La Última Cena. Óleo de Pascal Adolphe Dagnan-Bouveret (1852-1929).

“Si yo diera testimonio de mí mismo, mi testimonio no sería válido” (Juan, 5, 31) y “aunque yo dé testimonio de mí mismo, mi testimonio vale porque sé de dónde vengo y adonde voy” (Juan, 8, 14) ¿En qué quedamos? ¿Es válido o no lo es? Porque las dos cosas, al mismo tiempo, no pueden ser. No sigo por este camino pero puedo afirmar que si leemos a fondo el Evangelio hay muchas otras contradicciones que demuestran que fue escrito por etapas y por parte de más de un escritor.

En la última Cena, Jesús reprocha a sus discípulos diciéndoles: “Me voy y ninguno de vosotros me pregunta, ¿adónde vas?” (Juan, 16, 5). ¿Cómo puede decirles eso si ya antes Pedro y Tomás se lo habían preguntado? “Simón Pedro le dice: «Señor, ¿a dónde vas?” (Juan 13, 36) y “Le dice Tomás: Señor, no sabemos a dónde vas, ¿cómo podemos saber el camino?” (Juan, 14, 5). ¿Vemos cómo existen contradicciones que demuestran esto que estamos argumentando? Digo que hay muchos más ejemplos, pero tampoco se trata de cansar haciendo un artículo excesivamente largo.

Este redactor, colaborador del líder muerto que había conocido a Jesús y que procedente de Jerusalén había redactado las dos primeras versiones del Evangelio, como acto de veneración a su maestro y como esta comunidad, como dije al principio, tenía enfrentamientos con la comunidad dirigida por Pedro, se inventó la figura del “Discípulo amado” incluyéndola en el Evangelio junto a la figura de Pedro.
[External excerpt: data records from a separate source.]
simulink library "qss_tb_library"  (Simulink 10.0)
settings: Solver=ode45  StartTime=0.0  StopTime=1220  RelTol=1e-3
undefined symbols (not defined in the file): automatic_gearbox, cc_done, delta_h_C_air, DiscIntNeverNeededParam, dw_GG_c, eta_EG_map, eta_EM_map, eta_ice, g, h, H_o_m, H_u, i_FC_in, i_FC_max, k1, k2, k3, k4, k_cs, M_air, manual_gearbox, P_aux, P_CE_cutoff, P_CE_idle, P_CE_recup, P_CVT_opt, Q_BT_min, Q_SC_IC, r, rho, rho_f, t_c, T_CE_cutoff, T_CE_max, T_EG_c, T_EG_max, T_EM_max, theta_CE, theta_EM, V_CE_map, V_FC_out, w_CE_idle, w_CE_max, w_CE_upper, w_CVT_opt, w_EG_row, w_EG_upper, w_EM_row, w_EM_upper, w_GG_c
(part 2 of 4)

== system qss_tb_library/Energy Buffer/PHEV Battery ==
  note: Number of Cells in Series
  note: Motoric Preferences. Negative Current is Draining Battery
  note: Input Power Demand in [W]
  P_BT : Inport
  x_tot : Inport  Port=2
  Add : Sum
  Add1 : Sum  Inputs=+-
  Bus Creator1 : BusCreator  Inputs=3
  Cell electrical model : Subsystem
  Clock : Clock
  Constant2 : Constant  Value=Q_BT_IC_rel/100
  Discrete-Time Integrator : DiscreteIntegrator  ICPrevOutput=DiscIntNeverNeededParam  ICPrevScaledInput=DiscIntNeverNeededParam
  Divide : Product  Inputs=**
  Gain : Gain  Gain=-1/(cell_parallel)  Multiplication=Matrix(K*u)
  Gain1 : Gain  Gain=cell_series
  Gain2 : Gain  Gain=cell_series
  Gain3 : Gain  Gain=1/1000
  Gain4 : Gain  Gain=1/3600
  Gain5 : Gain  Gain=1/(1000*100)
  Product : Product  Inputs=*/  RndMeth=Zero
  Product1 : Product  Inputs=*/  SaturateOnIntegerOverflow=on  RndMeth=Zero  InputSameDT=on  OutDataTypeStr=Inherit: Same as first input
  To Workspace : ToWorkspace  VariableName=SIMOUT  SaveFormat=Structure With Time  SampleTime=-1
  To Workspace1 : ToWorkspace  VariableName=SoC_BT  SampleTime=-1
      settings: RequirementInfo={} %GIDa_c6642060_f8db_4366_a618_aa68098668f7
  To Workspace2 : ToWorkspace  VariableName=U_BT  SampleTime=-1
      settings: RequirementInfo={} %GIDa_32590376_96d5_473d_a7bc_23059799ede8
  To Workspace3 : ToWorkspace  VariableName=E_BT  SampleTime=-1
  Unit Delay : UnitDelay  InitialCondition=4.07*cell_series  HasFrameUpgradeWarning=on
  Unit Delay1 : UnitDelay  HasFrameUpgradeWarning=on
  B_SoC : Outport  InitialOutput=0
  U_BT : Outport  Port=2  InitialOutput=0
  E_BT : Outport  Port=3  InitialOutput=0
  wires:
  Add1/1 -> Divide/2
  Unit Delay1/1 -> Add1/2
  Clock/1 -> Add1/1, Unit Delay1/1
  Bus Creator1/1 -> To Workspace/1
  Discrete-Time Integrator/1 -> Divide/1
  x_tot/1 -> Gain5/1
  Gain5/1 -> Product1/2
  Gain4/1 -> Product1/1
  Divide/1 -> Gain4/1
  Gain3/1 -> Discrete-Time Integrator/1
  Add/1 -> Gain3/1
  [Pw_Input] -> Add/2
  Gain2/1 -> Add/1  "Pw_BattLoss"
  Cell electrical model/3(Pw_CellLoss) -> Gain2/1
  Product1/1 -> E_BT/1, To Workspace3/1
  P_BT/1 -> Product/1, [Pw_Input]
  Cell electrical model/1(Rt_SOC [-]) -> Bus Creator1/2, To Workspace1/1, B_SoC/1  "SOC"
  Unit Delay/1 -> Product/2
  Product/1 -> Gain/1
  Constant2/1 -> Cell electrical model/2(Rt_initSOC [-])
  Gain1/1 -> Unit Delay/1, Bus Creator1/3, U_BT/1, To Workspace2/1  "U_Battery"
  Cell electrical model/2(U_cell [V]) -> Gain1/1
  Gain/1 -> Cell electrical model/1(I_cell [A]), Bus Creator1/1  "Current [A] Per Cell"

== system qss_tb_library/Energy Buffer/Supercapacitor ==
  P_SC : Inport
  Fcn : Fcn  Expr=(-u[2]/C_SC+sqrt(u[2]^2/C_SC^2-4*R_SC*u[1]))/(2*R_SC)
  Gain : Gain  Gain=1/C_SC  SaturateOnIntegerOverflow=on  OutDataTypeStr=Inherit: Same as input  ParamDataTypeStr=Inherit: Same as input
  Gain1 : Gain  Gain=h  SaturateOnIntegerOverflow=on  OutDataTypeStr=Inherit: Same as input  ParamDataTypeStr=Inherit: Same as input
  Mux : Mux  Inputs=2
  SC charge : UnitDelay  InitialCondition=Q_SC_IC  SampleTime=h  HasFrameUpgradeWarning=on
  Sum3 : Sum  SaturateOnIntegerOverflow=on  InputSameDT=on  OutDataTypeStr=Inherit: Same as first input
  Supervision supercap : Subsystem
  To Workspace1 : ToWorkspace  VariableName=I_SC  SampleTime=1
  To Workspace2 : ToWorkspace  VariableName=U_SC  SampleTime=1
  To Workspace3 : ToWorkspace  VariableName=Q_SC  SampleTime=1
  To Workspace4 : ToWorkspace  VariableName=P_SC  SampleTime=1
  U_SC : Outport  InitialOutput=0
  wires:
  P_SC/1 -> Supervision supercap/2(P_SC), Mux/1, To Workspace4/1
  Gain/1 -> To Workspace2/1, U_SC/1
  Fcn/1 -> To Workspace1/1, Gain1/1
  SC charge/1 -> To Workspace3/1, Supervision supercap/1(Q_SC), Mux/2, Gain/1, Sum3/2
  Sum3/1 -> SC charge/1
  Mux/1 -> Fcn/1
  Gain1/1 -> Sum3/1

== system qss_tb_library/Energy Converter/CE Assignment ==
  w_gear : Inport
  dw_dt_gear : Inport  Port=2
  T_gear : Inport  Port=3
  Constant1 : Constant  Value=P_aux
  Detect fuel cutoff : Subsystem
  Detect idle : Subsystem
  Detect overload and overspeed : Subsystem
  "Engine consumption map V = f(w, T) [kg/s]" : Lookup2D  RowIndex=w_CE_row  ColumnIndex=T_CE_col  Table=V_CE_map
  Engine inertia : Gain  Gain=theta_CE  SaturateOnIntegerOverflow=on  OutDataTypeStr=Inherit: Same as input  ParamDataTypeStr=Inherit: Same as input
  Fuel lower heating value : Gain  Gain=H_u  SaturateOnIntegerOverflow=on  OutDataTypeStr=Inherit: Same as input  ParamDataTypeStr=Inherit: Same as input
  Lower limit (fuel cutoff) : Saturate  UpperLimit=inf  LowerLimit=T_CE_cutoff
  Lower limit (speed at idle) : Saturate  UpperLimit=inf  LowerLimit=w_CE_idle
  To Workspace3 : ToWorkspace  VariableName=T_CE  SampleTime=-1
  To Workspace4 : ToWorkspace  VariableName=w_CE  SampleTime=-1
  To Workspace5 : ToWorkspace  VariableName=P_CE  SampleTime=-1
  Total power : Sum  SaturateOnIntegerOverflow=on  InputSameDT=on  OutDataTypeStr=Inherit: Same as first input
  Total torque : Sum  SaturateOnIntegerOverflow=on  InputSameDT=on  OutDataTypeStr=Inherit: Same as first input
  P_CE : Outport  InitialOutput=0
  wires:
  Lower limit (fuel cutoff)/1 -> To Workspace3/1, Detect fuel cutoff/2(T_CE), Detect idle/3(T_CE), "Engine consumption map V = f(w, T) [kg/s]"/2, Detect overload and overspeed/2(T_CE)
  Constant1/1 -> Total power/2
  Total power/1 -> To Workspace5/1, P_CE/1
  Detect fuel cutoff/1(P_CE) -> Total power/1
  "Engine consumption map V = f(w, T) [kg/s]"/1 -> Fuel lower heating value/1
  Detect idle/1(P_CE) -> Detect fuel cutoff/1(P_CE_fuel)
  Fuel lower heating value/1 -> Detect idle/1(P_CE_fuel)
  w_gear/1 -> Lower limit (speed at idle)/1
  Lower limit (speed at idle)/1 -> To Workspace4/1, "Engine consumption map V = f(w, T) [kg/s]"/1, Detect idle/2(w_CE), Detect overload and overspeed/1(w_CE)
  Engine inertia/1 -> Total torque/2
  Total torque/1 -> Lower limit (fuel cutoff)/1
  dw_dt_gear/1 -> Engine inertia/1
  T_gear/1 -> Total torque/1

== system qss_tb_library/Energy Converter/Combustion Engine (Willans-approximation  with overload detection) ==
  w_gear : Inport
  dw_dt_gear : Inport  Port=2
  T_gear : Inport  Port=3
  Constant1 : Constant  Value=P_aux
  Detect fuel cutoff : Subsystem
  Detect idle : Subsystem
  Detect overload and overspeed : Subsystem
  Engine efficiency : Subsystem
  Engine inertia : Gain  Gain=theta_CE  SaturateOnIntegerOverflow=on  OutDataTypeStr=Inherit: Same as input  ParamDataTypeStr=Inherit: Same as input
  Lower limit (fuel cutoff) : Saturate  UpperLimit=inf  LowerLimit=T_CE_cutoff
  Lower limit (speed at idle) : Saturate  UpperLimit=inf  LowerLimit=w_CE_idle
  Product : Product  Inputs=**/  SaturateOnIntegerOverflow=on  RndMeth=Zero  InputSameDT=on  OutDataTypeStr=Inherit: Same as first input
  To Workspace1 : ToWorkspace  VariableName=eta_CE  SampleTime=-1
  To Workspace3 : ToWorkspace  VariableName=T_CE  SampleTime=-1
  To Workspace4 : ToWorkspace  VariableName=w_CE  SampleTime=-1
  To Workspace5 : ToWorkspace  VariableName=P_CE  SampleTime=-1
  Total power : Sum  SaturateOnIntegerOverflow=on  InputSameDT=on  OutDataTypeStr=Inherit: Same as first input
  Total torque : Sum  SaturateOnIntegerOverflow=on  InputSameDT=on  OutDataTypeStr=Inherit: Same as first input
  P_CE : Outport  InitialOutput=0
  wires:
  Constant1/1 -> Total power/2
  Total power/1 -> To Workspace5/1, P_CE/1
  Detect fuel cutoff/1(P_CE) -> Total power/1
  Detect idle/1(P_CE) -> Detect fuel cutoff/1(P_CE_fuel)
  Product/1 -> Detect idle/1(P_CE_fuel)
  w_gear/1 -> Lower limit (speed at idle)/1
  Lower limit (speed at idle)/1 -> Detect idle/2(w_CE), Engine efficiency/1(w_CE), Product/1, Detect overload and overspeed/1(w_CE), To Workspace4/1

Posiblemente, esto lo hizo con la intención de demostrar que su líder era superior a Pedro y por eso siempre aparecen juntos, pero recalcando que la actuación del “Discípulo amado” era mejor que la de Pedro. Algunos ejemplos: en la Última Cena el “Discípulo amado” reclina la cabeza sobre el pecho de Jesús. Durante la Pasión recalca que el “Discípulo amado” estaba dando la cara mientras Pedro huía. En la mañana de Pascua el “Discípulo amado” cree mientras Pedro se queda atónito. Después de haber resucitado, Jesús le dice al “Discípulo amado” que vivirá mucho tiempo mientras Pedro queda desconcertado, etc. O sea, rivalidad entre comunidades y alguien que quiere que su líder rivalice con el “jefe” oficial de la Iglesia, que es Pedro.

Jesús entrega las llaves a San Pedro. Óleo del pintor neoclásico Jean Auguste Dominique Ingres (1820). Museé Ingres, Montauban (Francia).

Pero finalmente, como esto no tenía sentido y lo lógico era buscar la reconciliación, alrededor del año 100 hubo un acercamiento, pero para que la reconciliación fuera completa, aunque Pedro había ya muerto, se tenía que reconocer su primacía. ¿Y cómo hacerlo? Añadiendo un capítulo más al Evangelio, el capítulo 21. ¿Y por qué digo que el artículo 21 es un añadido? Porque el artículo 20 termina así: “Éstas han sido escritas para que creáis que Jesús es el Cristo, el Hijo de Dios, y para que creyendo tengáis vida en su nombre” (Juan, 20, 31).

Y es en este artículo 21 donde se reconoce la supremacía de Pedro: Después de haber comido, dice Jesús a Simón Pedro: “Simón de Juan, ¿me amas más que éstos? Le dice él: «Sí, Señor, tú sabes que te quiero.» Le dice Jesús: «Apacienta mis corderos.» uelve a decirle por segunda vez: «Simón de Juan, ¿me amas?» Le dice él: «Sí, Señor, tú sabes que te quiero.» Le dice Jesús: «Apacienta mis ovejas.» e dice por tercera vez: «Simón de Juan, ¿me quieres?» Se entristeció Pedro de que le preguntase por tercera vez: «¿Me quieres?» y le dijo: «Señor, tú lo sabes todo; tú sabes que te quiero.» Le dice Jesús: «Apacienta mis ovejas. En verdad, en verdad te digo: cuando eras joven, tú mismo te ceñías, e ibas adonde querías; pero cuando llegues a viejo, extenderás tus manos y otro te ceñirá y te llevará adonde tú no quieras.» Con esto indicaba la clase de muerte con que iba a glorificar a Dios. Dicho esto, añadió: «Sígueme” (Juan, 21, 15-19). Y esta es la cuarta y última redacción de este Evangelio y es entonces cuando las dos comunidades rivales, se unieron bajo el primado de Pedro.